Exercise goal.
If a line in the records below contains "paths", copy that line.

--

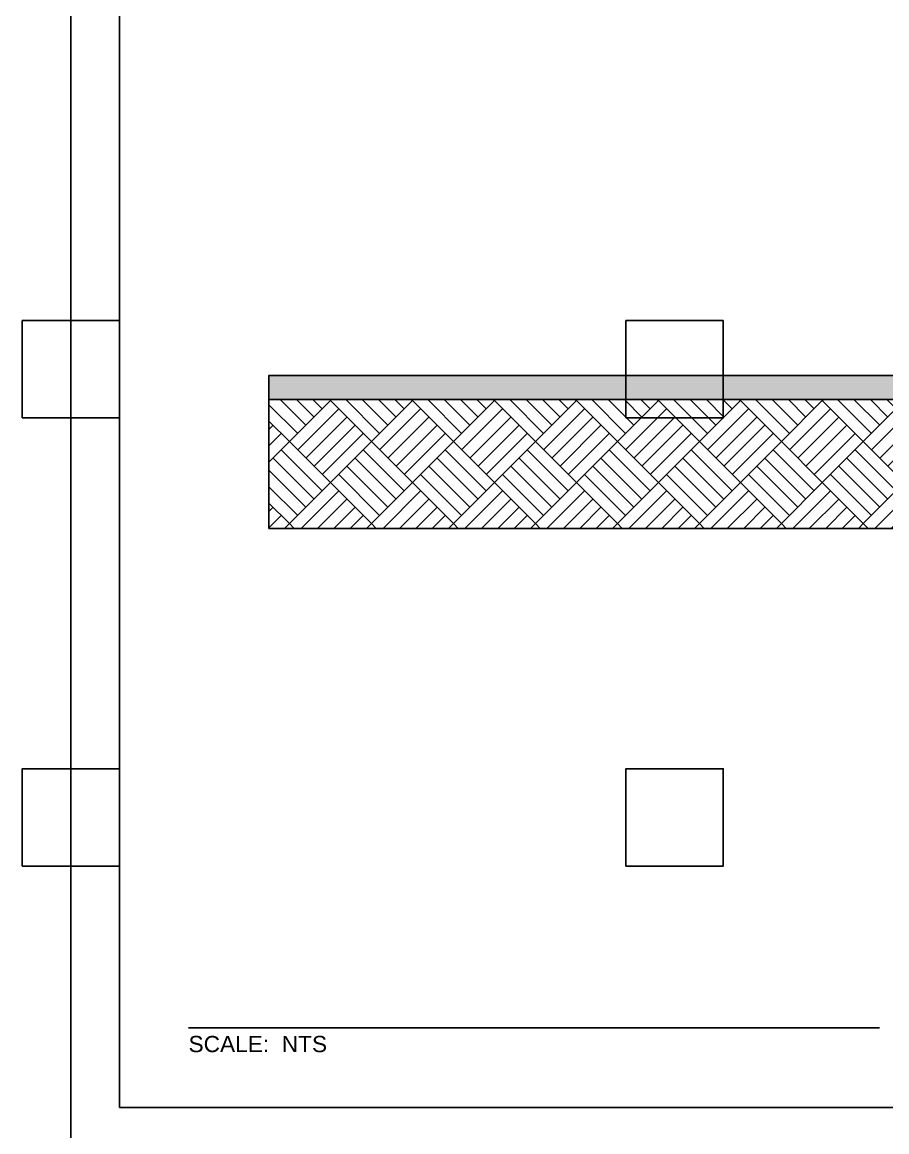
# Model space of a CAD drawing. Header units: millimetres. Extents: x -265298 to 39086, y 16803 to 136893.
# Drawn here: x -106485 to -101072, y 77684 to 84628 of the extents above; entities that cross this region are included whole.
import ezdxf
from ezdxf.enums import TextEntityAlignment as Align

# ---------------------------------------------------------------- set-up
doc = ezdxf.new("R2010")
doc.units = ezdxf.units.MM
doc.header["$LTSCALE"] = 25
doc.layers.add('schedules_symbols_notes$0$M-ANNO', color=11, linetype='Continuous')
doc.layers.add('schedules_symbols_notes$0$M-DETAIL CLR11', color=11, linetype='Continuous')
doc.styles.add('schedules_symbols_notes$0$RDZENG', font='micross.ttf', dxfattribs={"height": 2})

# ---------------------------------------------------------------- blocks, each defined once
blk = doc.blocks.new('*U323')
at = {"layer": 'Defpoints'}
blk.add_lwpolyline([(-304.8, -304.8), (304.8, -304.8), (304.8, 304.8), (-304.8, 304.8)], close=True, dxfattribs=at)
blk = doc.blocks.new('*U331')
at = {"layer": 'Defpoints', "color": 0, "linetype": 'ByBlock', "lineweight": -2, "transparency": 16777216}
for p in [(0, 19628.8), (3779.5, 19628.8), (0, 16824.7), (3779.5, 16824.7)]:
    blk.add_blockref('*U323', p, dxfattribs=at)
blk = doc.blocks.new('*U176')
at = {"layer": 'schedules_symbols_notes$0$M-ANNO'}
blk.add_line((8.5, 9.81), (93.64, 9.81), dxfattribs=at)
at = {"layer": 'schedules_symbols_notes$0$M-ANNO', "style": 'schedules_symbols_notes$0$RDZENG'}
blk.add_attdef('DETAILNAME', text='', height=4, dxfattribs=at).set_placement((8.5, 9.81), align=Align.BOTTOM_LEFT)
blk.add_attdef('SCALE', text='', height=2, dxfattribs=at).set_placement((8.5, 8.81), align=Align.TOP_LEFT)

msp = doc.modelspace()

# ---------------------------------------------------------------- hatches: boundary and pattern name
at = {"layer": 'schedules_symbols_notes$0$M-DETAIL CLR11'}
h = msp.add_hatch(dxfattribs=at)
h.set_pattern_fill('CONCRETE1', color=256, scale=12.7, style=0)
h.set_pattern_definition([(0, (-119951.6, 78666.75), (258.064, 258.064), [32.258, -225.806]), (90, (-119951.6, 78666.75), (-258.064, 258.064), [32.258, -225.806]), (135, (-119919.35, 78666.75), (-258.064, 2e-14), [45.6197, -319.338]), (0, (-119919.35, 78811.9), (258.064, 258.064), [32.258, -225.806]), (45, (-119903.23, 78795.78), (0, 258.064), [22.8098, -342.1478]), (135, (-119903.23, 78795.78), (-258.064, 2e-14), [22.8098, -342.1478]), (0, (-119822.58, 78876.43), (258.064, 258.064), [45.6197, -212.4443]), (45, (-119822.58, 78876.43), (0, 258.064), [32.258, -332.6996]), (135, (-119776.96, 78876.43), (-258.064, 2e-14), [32.258, -332.6996]), (90, (-119774.2, 78731.27), (-258.064, 258.064), [32.258, -225.806]), (45, (-119774.2, 78731.27), (0, 258.064), [22.8098, -342.1478]), (135, (-119758.06, 78747.4), (-258.064, 2e-14), [22.8098, -342.1478]), (0, (-119919.35, 78731.27), (258.064, 258.064), [16.129, -216.1286]), (0, (-119725.8, 78795.78), (258.064, 258.064), [16.129, -216.1286]), (90, (-119806.45, 78828.04), (-258.064, 258.064), [16.129, -216.1286]), (135, (-119774.2, 78682.88), (-258.064, 2e-14), [22.8098, -342.1478]), (135, (-119887.1, 78860.3), (-258.064, 2e-14), [22.8098, -342.1478]), (45, (-119830.64, 78751.43), (0, 258.064), [22.8098, -342.1478]), (90, (-119862.9, 78699), (-258.064, 258.064), [4.0322, -254.0317]), (90, (-119850.8, 78807.88), (-258.064, 258.064), [4.0322, -254.0317]), (90, (-119729.84, 78852.23), (-258.064, 258.064), [4.0322, -254.0317]), (90, (-119725.8, 78715.14), (-258.064, 258.064), [4.0322, -254.0317])])
h.paths.add_polyline_path([(-92398.8, 82416.9), (-104939.6, 82416.9), (-104939.6, 82266.7), (-92398.8, 82266.7)])
h = msp.add_hatch(dxfattribs=at)
h.set_pattern_fill('EARTH2', color=256, scale=38.1, style=0)
h.set_pattern_definition([(45, (-119951.6, 78666.75), (0, 513.2216), [362.9025, -362.9025]), (45, (-120002.93, 78718.07), (0, 513.2216), [362.9025, -362.9025]), (45, (-120054.26, 78769.4), (0, 513.2216), [362.9025, -362.9025]), (45, (-120105.58, 78820.7), (0, 513.2216), [362.9025, -362.9025]), (45, (-120156.9, 78872.04), (0, 513.2216), [362.9025, -362.9025]), (45, (-120208.22, 78923.36), (0, 513.2216), [362.9025, -362.9025]), (135, (-119951.6, 78666.75), (-513.2216, 3e-14), [362.9025, -362.9025]), (135, (-120002.93, 78615.43), (-513.2216, 3e-14), [362.9025, -362.9025]), (135, (-120054.26, 78564.1), (-513.2216, 3e-14), [362.9025, -362.9025]), (135, (-120105.58, 78512.8), (-513.2216, 3e-14), [362.9025, -362.9025]), (135, (-120156.9, 78461.46), (-513.2216, 3e-14), [362.9025, -362.9025]), (135, (-120208.22, 78410.14), (-513.2216, 3e-14), [362.9025, -362.9025])])
h.paths.add_polyline_path([(-104939.6, 82266.7), (-92398.8, 82266.7), (-92398.8, 81459.5), (-104939.6, 81459.5)])

# ---------------------------------------------------------------- linework, layer by layer
at = {"layer": 'Defpoints', "color": 255}
msp.add_lwpolyline([(-106180, 62826.9), (-68384.8, 62826.9), (-68384.8, 90868.5), (-106180, 90868.5)], close=True, dxfattribs=at)
at = {"layer": 'schedules_symbols_notes$0$M-ANNO'}
msp.add_lwpolyline([(-105875.2, 90563.3), (-85915.1, 90563.3), (-85915.1, 77836.4), (-105875.2, 77836.4)], close=True, dxfattribs=at)
at = {"layer": 'schedules_symbols_notes$0$M-DETAIL CLR11'}
for points in [[(-92398.8, 82416.9), (-104939.6, 82416.9), (-104939.6, 82266.7), (-92398.8, 82266.7)], [(-104939.6, 82266.7), (-92398.8, 82266.7), (-92398.8, 81459.5), (-104939.6, 81459.5)]]:
    msp.add_lwpolyline(points, close=True, dxfattribs=at)

# ---------------------------------------------------------------- block references
at = {"layer": 'Defpoints'}
msp.add_blockref('*U331', (-106180, 62826.9), dxfattribs=at)
at = {"layer": 'schedules_symbols_notes$0$M-ANNO'}
ref = msp.add_blockref('*U176', (-105875.2, 77836.4), dxfattribs=dict(at, xscale=50.8, yscale=50.8, zscale=50.8))
ref.add_attrib('SCALE', 'SCALE:  NTS', dxfattribs={"height": 101.6, "style": 'schedules_symbols_notes$0$RDZENG'}).set_placement((-105443.3, 78284.1), align=Align.TOP_LEFT)

doc.saveas('drawing.dxf')

--

Task response.
h.paths.add_polyline_path([(-92398.8, 82416.9), (-104939.6, 82416.9), (-104939.6, 82266.7), (-92398.8, 82266.7)])
h.paths.add_polyline_path([(-104939.6, 82266.7), (-92398.8, 82266.7), (-92398.8, 81459.5), (-104939.6, 81459.5)])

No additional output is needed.